El tarot y la charlatanería

Jesús Arceo Levario.-

Queridos amigos, les dejo estas ideas y consejos para que no se dejen engañar cuando tengan una lectura de tarot, ya sea por propia iniciativa o en su defecto, que llegue dicha lectura sin ser pedida.

El ideal de un tarotista ante los ojos que pide ayuda, es que sea una persona que más que recordarnos cosas negativas o situaciones siniestras por devenir, nos guíe en forma positiva, inclusive hasta terapéutica, independientemente de las circunstancias; que nos dé respuesta a nuestras dudas y problemáticas con energía estancada que en ese momento nos rodea.

Primero hay que observar el grado de vulnerabilidad que presentamos nosotros como consultantes en el momento de confiar en la lectura de las cartas de tarot.

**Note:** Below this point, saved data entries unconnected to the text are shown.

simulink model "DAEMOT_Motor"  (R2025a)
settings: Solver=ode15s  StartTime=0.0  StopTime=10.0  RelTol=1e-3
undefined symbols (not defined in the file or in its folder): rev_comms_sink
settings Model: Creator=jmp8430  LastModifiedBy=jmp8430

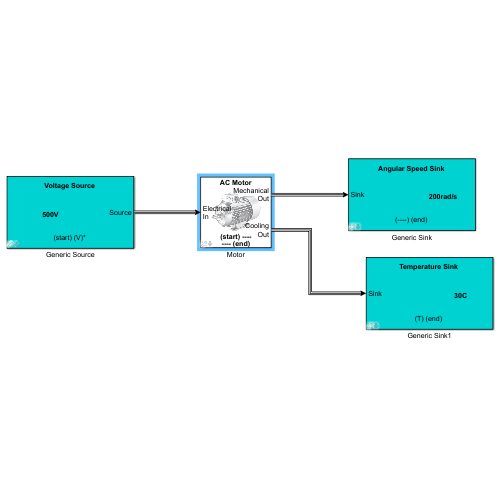
[thumbnail: Simulink's stored preview of the top-level diagram]
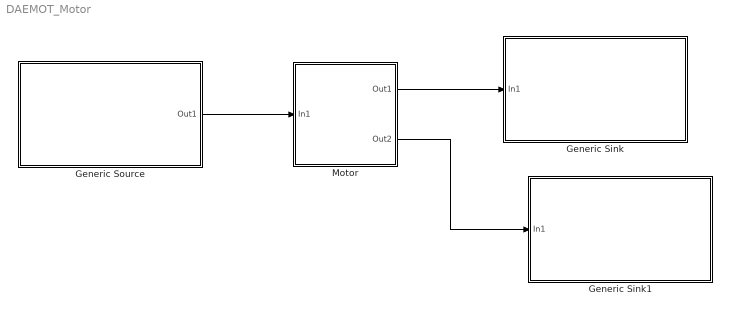
== system DAEMOT_Motor ==
  Generic Sink : Subsystem  AncestorBlock=DAEMOT_Lib/Support Functions/Generic Sink  mask(Effort Sink (Torque)){Stype=Angular Speed Sink, const=on, value=200}
      mask prompts: Stype "Sink Type"; const "Constant Value?"; value "Speed [rad/s]"
      mask help: Used to create a effot sink.
      mask init:
      | h      = get_param(gcb,'handle');   % Get block handle
      | blk    = gcb;
      | hblock = get(h);     % Parse out handles structure
      | 
      | if const == 1;
      |     try delete_block([blk,'/In2'])
      |         delete_unconnected_lines(blk);
      |         add_block('simulink/Sources/Constant',   [blk,'/val'], 'Position', [200,218,230,232]);
      |         add_line(blk,'val/1','Sink1/1','AutoRouting','on');
      |         set_param([blk,'/val'],'Value','value');
      |     end
      |      
      | %     delete_unconnected_lines(blk)
      | else
      |     try delete_block([blk,'/val'])
      |         delete_unconnected_lines(blk);
      |         add_block('simulink/Ports & Subsystems/In1',   [blk,'/In2'], 'Position', [200,218,230,232]);
      |         add_line(blk,'In2/1','Sink1/1','AutoRouting','on');
      |     end
      | end
      | 
      | clear h blk hblock
      settings: CopyFcn=|
      | h      = get_param(gcb,'handle');   % Get block handle
      | blk    = gcb;
      | 
      | set_param(blk, 'LinkStatus', 'inactive')
      | clear h
      | clear blk
      mask TypeOptions Stype: Voltage Sink | Current Sink | Angular Speed Sink | Torque Sink | Temperature Sink | Heat Flow Sink | Pressure Sink | Mass Flow Sink
      mask Callback Stype:
      | mp     = get_param(gcb,'MaskPrompts');
      | h      = get_param(gcb,'handle');   % Get block handle
      | blk    = gcb;
      | hblock = get(h);     % Parse out handles structure
      | 
      | switch get_param(gcb,'Stype')
      |     case 'Voltage Sink'
      |         mp{3} = 'Voltage [V]';
      |     case 'Current Sink'
      |         mp{3} = 'Current [A]';
      |     case 'Angular Speed Sink'
      |         mp{3} = 'Speed [rad/s]';
      |     case 'Torque Sink'
      |         mp{3} = 'Torque [Nm]';
      |     case 'Temperature Sink'
      |         mp{3} = 'Temperature [C]';
      |     case 'Heat Flow Sink'
      |         mp{3} = 'Heat Flow [kW]';
      |     case 'Pressure Sink'
      |         mp{3} = 'Pressure [kPa]';
      |     case 'Mass Flow Sink'
      |         mp{3} = 'Mass Flow [kg/s]';
      | end
      | set_param(gcb,'MaskPrompts',mp);
      | 
      | clear mp h blk hblock
      mask Callback const:
      | en = get_param(gcb,'MaskVisibilities');
      | h      = get_param(gcb,'handle');   % Get block handle
      | blk    = gcb;
      | hblock = get(h);     % Parse out handles structure
      | 
      | switch get_param(gcb,'const')
      |     case 'on'
      |         en{3} = 'on';
      | %         delete_block([blk,'/In1'])
      | 
      |     case 'off'
      |         en{3} = 'off';
      | %         add_block('simulink/Ports & Subsystems/In1',   [blk,'/In1'],'Position',[130    -7   160     7]);         % adding inport
      | 
      | end
      | set_param(gcb,'MaskVisibilities',en);
      | 
      | % hblock.MaskPrompts{3} = 'hello';
      | clear en h blk hblock
      mask Display:
      | text(0.5,0.90,['{\bf',get_param(gcb,'Stype'),'}'],'TexMode','on','horizontalAlignment', 'center')
      | % text(0.5,0.1,['{(T)(end)}'],'TexMode','on','horizontalAlignment', 'center')
      | 
      | type = get_param(gcb,'Stype');
      | switch type
      |         case 'Voltage Sink'
      |             nm = 'Voltage [V]';
      |             id = '(V)';
      |             un = 'V';
      |         case 'Current Sink'
      |             nm = 'Current [A]';
      |             id = '(----)';
      |             un = 'A';
      |         case 'Angular Speed Sink'
      |             nm = 'Speed [rad/s]';
      |             id = '(----)';
      |             un = 'rad/s';
      |         case 'Torque Sink'
      |             nm = 'Torque [Nm]';
      |             id = '(\tau)';
      |             un = 'Nm';
      |         case 'Temperature Sink'
      |             nm = 'Temperature [C]';
      |             id = '(T)';
      |             un = 'C';
      |         case 'Heat Flow Sink'
      |             nm = 'Heat Flow [kW]';
      |             id = '(----)';
      |             un = 'kW';
      |         case 'Pressure Sink'
      |             nm = 'Pressure [kPa]';
      |             id = '(P)';
      |             un = 'kPa';
      |         case 'Mass Flow Sink'
      |             nm = 'Mass Flow [kg/s]';
      |             id = '(----)';
      |             un = 'kg/s';
      | end
      | 
      | if strcmp(get_param(gcb,'const'),'on')
      |     text(0.75,0.500,['{\bf',get_param(gcb,'Value'),un,'}'],'TexMode','on','horizontalAlignment', 'center')
      | else
      |     port_label('input',2,sprintf(['Sink ',nm]));
      | end
      | 
      | 
      | port_label('input',1,'Sink');
      | text(0.5,0.175,['{',id,' (end)}'],'TexMode','on','horizontalAlignment', 'center');
  Generic Sink1 : Subsystem  AncestorBlock=DAEMOT_Lib/Support Functions/Generic Sink  mask(Effort Sink (Torque)){Stype=Temperature Sink, const=on, value=30}
      mask prompts: Stype "Sink Type"; const "Constant Value?"; value "Temperature [C]"
      mask help: Used to create a effot sink.
      mask init: same as DAEMOT_Motor/Generic Sink
      settings: CopyFcn=|
      | h      = get_param(gcb,'handle');   % Get block handle
      | blk    = gcb;
      | 
      | set_param(blk, 'LinkStatus', 'inactive')
      | clear h
      | clear blk
      mask TypeOptions Stype: Voltage Sink | Current Sink | Angular Speed Sink | Torque Sink | Temperature Sink | Heat Flow Sink | Pressure Sink | Mass Flow Sink
      mask Callback Stype:
      | mp     = get_param(gcb,'MaskPrompts');
      | h      = get_param(gcb,'handle');   % Get block handle
      | blk    = gcb;
      | hblock = get(h);     % Parse out handles structure
      | 
      | switch get_param(gcb,'Stype')
      |     case 'Voltage Sink'
      |         mp{3} = 'Voltage [V]';
      |     case 'Current Sink'
      |         mp{3} = 'Current [A]';
      |     case 'Angular Speed Sink'
      |         mp{3} = 'Speed [rad/s]';
      |     case 'Torque Sink'
      |         mp{3} = 'Torque [Nm]';
      |     case 'Temperature Sink'
      |         mp{3} = 'Temperature [C]';
      |     case 'Heat Flow Sink'
      |         mp{3} = 'Heat Flow [kW]';
      |     case 'Pressure Sink'
      |         mp{3} = 'Pressure [kPa]';
      |     case 'Mass Flow Sink'
      |         mp{3} = 'Mass Flow [kg/s]';
      | end
      | set_param(gcb,'MaskPrompts',mp);
      | 
      | clear mp h blk hblock
      mask Callback const:
      | en = get_param(gcb,'MaskVisibilities');
      | h      = get_param(gcb,'handle');   % Get block handle
      | blk    = gcb;
      | hblock = get(h);     % Parse out handles structure
      | 
      | switch get_param(gcb,'const')
      |     case 'on'
      |         en{3} = 'on';
      | %         delete_block([blk,'/In1'])
      | 
      |     case 'off'
      |         en{3} = 'off';
      | %         add_block('simulink/Ports & Subsystems/In1',   [blk,'/In1'],'Position',[130    -7   160     7]);         % adding inport
      | 
      | end
      | set_param(gcb,'MaskVisibilities',en);
      | 
      | % hblock.MaskPrompts{3} = 'hello';
      | clear en h blk hblock
      mask Display:
      | text(0.5,0.90,['{\bf',get_param(gcb,'Stype'),'}'],'TexMode','on','horizontalAlignment', 'center')
      | % text(0.5,0.1,['{(T)(end)}'],'TexMode','on','horizontalAlignment', 'center')
      | 
      | type = get_param(gcb,'Stype');
      | switch type
      |         case 'Voltage Sink'
      |             nm = 'Voltage [V]';
      |             id = '(V)';
      |             un = 'V';
      |         case 'Current Sink'
      |             nm = 'Current [A]';
      |             id = '(----)';
      |             un = 'A';
      |         case 'Angular Speed Sink'
      |             nm = 'Speed [rad/s]';
      |             id = '(----)';
      |             un = 'rad/s';
      |         case 'Torque Sink'
      |             nm = 'Torque [Nm]';
      |             id = '(\tau)';
      |             un = 'Nm';
      |         case 'Temperature Sink'
      |             nm = 'Temperature [C]';
      |             id = '(T)';
      |             un = 'C';
      |         case 'Heat Flow Sink'
      |             nm = 'Heat Flow [kW]';
      |             id = '(----)';
      |             un = 'kW';
      |         case 'Pressure Sink'
      |             nm = 'Pressure [kPa]';
      |             id = '(P)';
      |             un = 'kPa';
      |         case 'Mass Flow Sink'
      |             nm = 'Mass Flow [kg/s]';
      |             id = '(----)';
      |             un = 'kg/s';
      | end
      | 
      | if strcmp(get_param(gcb,'const'),'on')
      |     text(0.75,0.500,['{\bf',get_param(gcb,'Value'),un,'}'],'TexMode','on','horizontalAlignment', 'center')
      | else
      |     port_label('input',2,sprintf(['Sink ',nm]));
      | end
      | 
      | 
      | port_label('input',1,'Sink');
      | text(0.5,0.175,['{',id,' (end)}'],'TexMode','on','horizontalAlignment', 'center');
  Generic Source : Subsystem  AncestorBlock=DAEMOT_Lib/Support Functions/Generic Source  mask(Effort Source (Voltage)){Stype=Voltage Source, const=on, value=500}
      mask prompts: Stype "Source Type"; const "Constant Value?"; value "Voltage [V]"
      mask help: Used to create an effort source.
      mask init:
      | h      = get_param(gcb,'handle');   % Get block handle
      | blk    = gcb;
      | hblock = get(h);     % Parse out handles structure
      | type = get_param(gcb,'Stype');
      |         
      | switch type
      |     case 'Voltage Source'
      |         up = 'current';
      |         dw = 'voltage';
      |     case 'Current Source'
      |         dw = 'current';
      |         up = 'voltage';
      |     case 'Angular Speed Source'
      |         up = 'torque';
      |         dw = 'aspeed';
      |     case 'Torque Source'
      |         dw = 'torque';
      |         up = 'aspeed';
      |     case 'Temperature Source'
      |         up = 'Q_kW';
      |         dw = 'Temp';
      |     case 'Heat Flow Source'
      |         dw = 'Q_kW';
      |         up = 'Temp';
      |     case 'Pressure Source'
      |         up = 'mdot_kgps';
      |         mid= 'T_C';
      |         dw = 'P_kPa';
      |     case 'Mass Flow Source'
      |         up = 'P_kpa';
      |         mid= 'T_C';
      |         dw = 'mdot_kgps';
      |         %up = 'mdot_kgps';
      |         %mid= 'T_C';
      |         %dw = 'P_kPa';
      | end
      | 
      | if (((type(1) == 'P') || (type(1) == 'M')) && (const == 1)) %if constant input (user defined in mask) and need temperature input
      |     
      |     try add_block('simulink/Ports & Subsystems/In1', [blk,'/In2'], 'Position', [200,230,230,245]) %make temperature input
      |         set_param([blk, '/b1'],'Inputs','3');
      |         add_line(blk,'In2/1','b1/3','AutoRouting','on');
      |             
      |         p = get_param([blk,'/In2'],'PortHandles');
      |         l = get_param(p.Outport,'Line');
      |         set_param(l,'Name',mid);
      |     end 
      |     
      |     try delete_block([blk,'/In1'])
      |         delete_unconnected_lines(blk);
      |         
      |         fprintf ("option 1\n");        
      |         
      |         add_block('simulink/Sources/Constant',   [blk,'/val'], 'Position', [200,148,230,162]);
      |         add_line(blk,'val/1','b1/2','AutoRouting','on');
      |         set_param([blk,'/val'],'Value','value');
      |         
      |         p = get_param([blk,'/Constant'],'PortHandles');
      |         l = get_param(p.Outport,'Line');
      |         set_param(l,'Name',up);
      | 
      |         p = get_param([blk,'/val'],'PortHandles');
      |         l = get_param(p.Outport,'Line');
      |         set_param(l,'Name',dw);
      |         
      |     end
      |     p = get_param([blk,'/Constant'],'PortHandles');
      |     l = get_param(p.Outport,'Line');
      | 
      |     if (strcmp(get_param(l,'name'),up)) %If it didn't work and l's name doesn't match what it should, set them again.
      |     else
      |         set_param(l,'Name',up);
      |         
      |         fprintf ("failed strcmp \n");
      |                 
      |         p = get_param([blk,'/val'],'PortHandles');
      |         l = get_param(p.Outport,'Line');
      |         set_param(l,'Name',dw);
      |             
      |         p = get_param([blk,'/In2'],'PortHandles');
      |         l = get_param(p.Outport,'Line');
      |         set_param(l,'Name',mid);
      |     end
      |     
      | elseif ((type(1) == 'P') || (type(1) == 'M')) %if need input port (not user defined in mask) and also need temperature input
      |     
      |     try add_block('simulink/Ports & Subsystems/In1', [blk,'/In2'], 'Position', [200,230,230,245]) %make temperature input
      |         set_param([blk, '/b1'],'Inputs','3');
      |         add_line(blk,'In2/1','b1/3','AutoRouting','on');
      | 
      |         p = get_param([blk,'/In2'],'PortHandles');
      |         l = get_param(p.Outport,'Line');
      |         set_param(l,'Name',mid);
      |     end
      |     
      |     try delete_block([blk,'/val'])
      |         delete_unconnected_lines(blk);
      |         
      |         fprintf ("option 2\n");      
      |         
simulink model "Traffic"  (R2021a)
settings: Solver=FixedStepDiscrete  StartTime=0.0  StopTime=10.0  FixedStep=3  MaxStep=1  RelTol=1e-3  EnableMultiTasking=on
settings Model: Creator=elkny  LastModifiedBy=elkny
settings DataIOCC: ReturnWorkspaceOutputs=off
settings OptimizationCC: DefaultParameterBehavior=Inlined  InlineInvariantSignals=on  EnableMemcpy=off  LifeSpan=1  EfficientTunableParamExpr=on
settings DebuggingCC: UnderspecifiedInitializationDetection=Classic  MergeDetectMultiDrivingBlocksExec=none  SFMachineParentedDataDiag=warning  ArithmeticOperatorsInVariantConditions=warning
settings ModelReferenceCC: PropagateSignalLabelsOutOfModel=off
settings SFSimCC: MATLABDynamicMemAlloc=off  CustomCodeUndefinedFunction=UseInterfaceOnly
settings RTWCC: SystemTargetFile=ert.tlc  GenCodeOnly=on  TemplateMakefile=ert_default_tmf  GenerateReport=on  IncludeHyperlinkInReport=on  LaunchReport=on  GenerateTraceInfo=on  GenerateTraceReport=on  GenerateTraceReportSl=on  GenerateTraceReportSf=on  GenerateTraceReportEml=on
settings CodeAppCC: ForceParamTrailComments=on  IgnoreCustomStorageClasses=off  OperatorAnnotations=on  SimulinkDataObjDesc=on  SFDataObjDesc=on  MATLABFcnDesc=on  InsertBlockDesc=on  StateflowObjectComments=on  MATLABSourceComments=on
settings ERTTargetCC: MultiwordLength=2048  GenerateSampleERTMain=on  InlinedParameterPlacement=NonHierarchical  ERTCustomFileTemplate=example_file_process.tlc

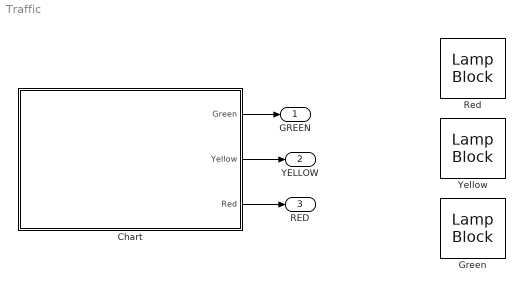
== system Traffic ==
  Chart : Stateflow chart  TreatAsAtomicUnit=on
  Green : LampBlock
  Red : LampBlock
  Yellow : LampBlock
  GREEN : Outport
  YELLOW : Outport  Port=2
  RED : Outport  Port=3
  wires:
  Chart/1(Green) -> GREEN/1
  Chart/2(Yellow) -> YELLOW/1
  Chart/3(Red) -> RED/1

== stateflow chart Traffic/Chart ==
  state Stop
    entry:
    Red=1;
    Yellow=0;
    Green=0
  state wait
    entry:
    Red=0;
    Yellow=1;
    Green=0;
  state Go
    entry:
    Red=0;
    Yellow=0;
    Green=1;
  (default) -> Stop
  Go -> Stop : after(3,sec)
  Stop -> wait : after(3,sec)
  wait -> Go : after(3,sec)
  data: Green output; Yellow output; Red output

Usualmente la persona que se va a leer el tarot va lleno de dudas y miedos que lo hacen ser presa fácil ante influencias sin escrúpulos, que pueden alterar el destino del consultante.

El poder del tarot reside en que a través de sus símbolos y arquetipos  es una verdadera llave del inconsciente, y que se puede manejar a las personas muy fácilmente. En la lectura del tarot es importante el grado de conocimiento que tiene el tarotista acerca de la naturaleza humana.

Se pueden olvidar muchas cosas durante la lectura de tarot; menos lo que me dijo la señora o el señor cuando me fui a leer las cartas; y sobre todo sí se hace mucho énfasis en detalles negativos…” dicen los consultantes.

Por lo tanto, el tarot es una herramienta  que merece un profundo respeto. Es la llave que nos abre el umbral de nuestro inconsciente, que nos permite el poder de auto conocernos y nos guía de  forma orientada en nuestra vida.

Es por esto la importancia que tiene quien nos lea el tarot, entendiendo que nosotros le estamos entregando parte de nuestra privacidad a la persona que lo lee.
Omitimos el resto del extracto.